Will appears to venerate Madison and baseball. My father was a nonobservant Jew, my Catholic mother excommunicated for divorcing him. I was confirmed by the bishop of Salzburg, but stopped going to church after high school, where I was a member of a Scout troop sponsored by Presbyterians. Attended a Missouri Synod Lutheran church for a few years to read through the Bible in later life. When asked this question today offer the response The New England Theology I suppose. They were, I think, good republicans all.

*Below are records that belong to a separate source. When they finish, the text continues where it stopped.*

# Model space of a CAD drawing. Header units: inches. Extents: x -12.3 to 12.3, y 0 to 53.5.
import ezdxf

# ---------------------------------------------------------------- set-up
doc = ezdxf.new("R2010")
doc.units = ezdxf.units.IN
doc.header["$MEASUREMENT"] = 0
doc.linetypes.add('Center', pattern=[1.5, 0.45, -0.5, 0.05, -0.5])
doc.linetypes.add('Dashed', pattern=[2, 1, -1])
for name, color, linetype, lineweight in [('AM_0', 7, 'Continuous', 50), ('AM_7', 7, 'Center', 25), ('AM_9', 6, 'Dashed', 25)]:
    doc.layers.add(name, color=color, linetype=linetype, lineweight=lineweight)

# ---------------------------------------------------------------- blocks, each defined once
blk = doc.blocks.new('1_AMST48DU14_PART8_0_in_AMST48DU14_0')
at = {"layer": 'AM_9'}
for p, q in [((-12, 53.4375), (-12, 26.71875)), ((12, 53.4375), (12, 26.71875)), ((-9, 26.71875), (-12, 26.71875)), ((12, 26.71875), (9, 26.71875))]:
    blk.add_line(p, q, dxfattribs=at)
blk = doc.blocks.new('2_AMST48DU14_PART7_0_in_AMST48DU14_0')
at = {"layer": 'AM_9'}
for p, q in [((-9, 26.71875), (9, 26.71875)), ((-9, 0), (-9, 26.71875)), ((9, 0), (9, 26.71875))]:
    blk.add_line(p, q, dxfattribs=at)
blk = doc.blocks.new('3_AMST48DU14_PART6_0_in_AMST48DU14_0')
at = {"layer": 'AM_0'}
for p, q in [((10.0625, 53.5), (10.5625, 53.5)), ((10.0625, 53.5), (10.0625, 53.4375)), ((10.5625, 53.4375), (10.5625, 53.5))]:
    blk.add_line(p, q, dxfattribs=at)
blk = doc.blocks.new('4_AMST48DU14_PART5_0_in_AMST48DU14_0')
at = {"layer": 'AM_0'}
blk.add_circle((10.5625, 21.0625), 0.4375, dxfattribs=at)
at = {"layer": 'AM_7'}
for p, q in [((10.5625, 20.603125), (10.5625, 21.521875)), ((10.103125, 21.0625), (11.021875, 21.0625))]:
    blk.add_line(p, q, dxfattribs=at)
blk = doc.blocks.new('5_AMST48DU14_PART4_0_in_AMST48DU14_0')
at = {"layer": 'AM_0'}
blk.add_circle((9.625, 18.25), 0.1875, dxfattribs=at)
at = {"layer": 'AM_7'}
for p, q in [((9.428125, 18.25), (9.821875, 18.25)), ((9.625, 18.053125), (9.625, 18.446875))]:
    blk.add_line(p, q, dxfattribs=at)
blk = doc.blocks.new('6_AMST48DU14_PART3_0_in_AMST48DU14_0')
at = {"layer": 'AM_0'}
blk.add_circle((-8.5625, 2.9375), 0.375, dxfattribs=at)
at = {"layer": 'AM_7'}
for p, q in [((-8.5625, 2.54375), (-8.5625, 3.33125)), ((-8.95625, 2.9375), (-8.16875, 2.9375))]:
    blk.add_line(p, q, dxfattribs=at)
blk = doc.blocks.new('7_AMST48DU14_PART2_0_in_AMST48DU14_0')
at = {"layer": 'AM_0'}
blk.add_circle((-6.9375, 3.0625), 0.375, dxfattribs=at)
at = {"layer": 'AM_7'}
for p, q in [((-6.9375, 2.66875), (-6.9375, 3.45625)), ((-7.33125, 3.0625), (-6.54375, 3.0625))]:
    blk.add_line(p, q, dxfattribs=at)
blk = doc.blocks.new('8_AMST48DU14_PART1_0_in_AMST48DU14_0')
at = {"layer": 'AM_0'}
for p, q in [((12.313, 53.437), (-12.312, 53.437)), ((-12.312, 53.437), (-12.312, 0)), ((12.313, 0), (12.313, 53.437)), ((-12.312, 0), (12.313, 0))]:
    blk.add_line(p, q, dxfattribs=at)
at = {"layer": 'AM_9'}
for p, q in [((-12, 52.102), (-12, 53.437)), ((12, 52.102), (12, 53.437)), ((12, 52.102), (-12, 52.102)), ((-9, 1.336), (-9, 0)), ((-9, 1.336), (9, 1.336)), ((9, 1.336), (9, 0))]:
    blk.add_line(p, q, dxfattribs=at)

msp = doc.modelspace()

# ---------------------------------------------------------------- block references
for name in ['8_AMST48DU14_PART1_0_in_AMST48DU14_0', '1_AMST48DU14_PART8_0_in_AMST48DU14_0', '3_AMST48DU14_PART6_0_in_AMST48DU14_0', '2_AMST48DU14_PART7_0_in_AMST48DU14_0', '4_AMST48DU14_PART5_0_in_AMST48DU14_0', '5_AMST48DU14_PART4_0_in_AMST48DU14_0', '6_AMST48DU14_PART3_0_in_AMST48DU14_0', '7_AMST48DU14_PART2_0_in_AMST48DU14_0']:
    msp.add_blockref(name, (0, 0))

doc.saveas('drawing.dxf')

#31 Comment By sickoftalking On July 9, 2013 @ 1:48 am


If you believe that our life here on Earth is ephemeral and temporary, that our lives here — in a material sense — ultimately don’t matter, I’d argue you’ll much better handle the death of a child than if you’re clinging on to some vain illusion that everything lasts forever; that when we lose someone it represents a fatal, terminal blow.

And you might have some comfort reflecting back on religion, and the sense of the Eternal it conveys, and the idea that you may somehow physically greet that child again in an afterlife will not seem so relevant.

The most important thing about religion, to me, is the perspective it brings. I think you can come to that perspective through an abstract understanding, or through a concrete understanding.

All allegory does is put the abstract in concrete terms.

#32 Comment By David T On July 9, 2013 @ 7:13 am

Michael N. Moore: “Are there valid values to illuminate our path toward death or is everything permitted?”

If you think that the existence of God is what determines whether “everything is permitted” or there is an objective moral code, please read *Euthyphro.* And also [9]

#33 Comment By Michael N Moore On July 9, 2013 @ 12:20 pm

David T.,

I just got through saying that arguing about whether “God” exists of does not exist is pointless. Values are not objective and cannot be empirically proved or disproved. I suggest you read The Critique on Pure Reason by Immanual Kant.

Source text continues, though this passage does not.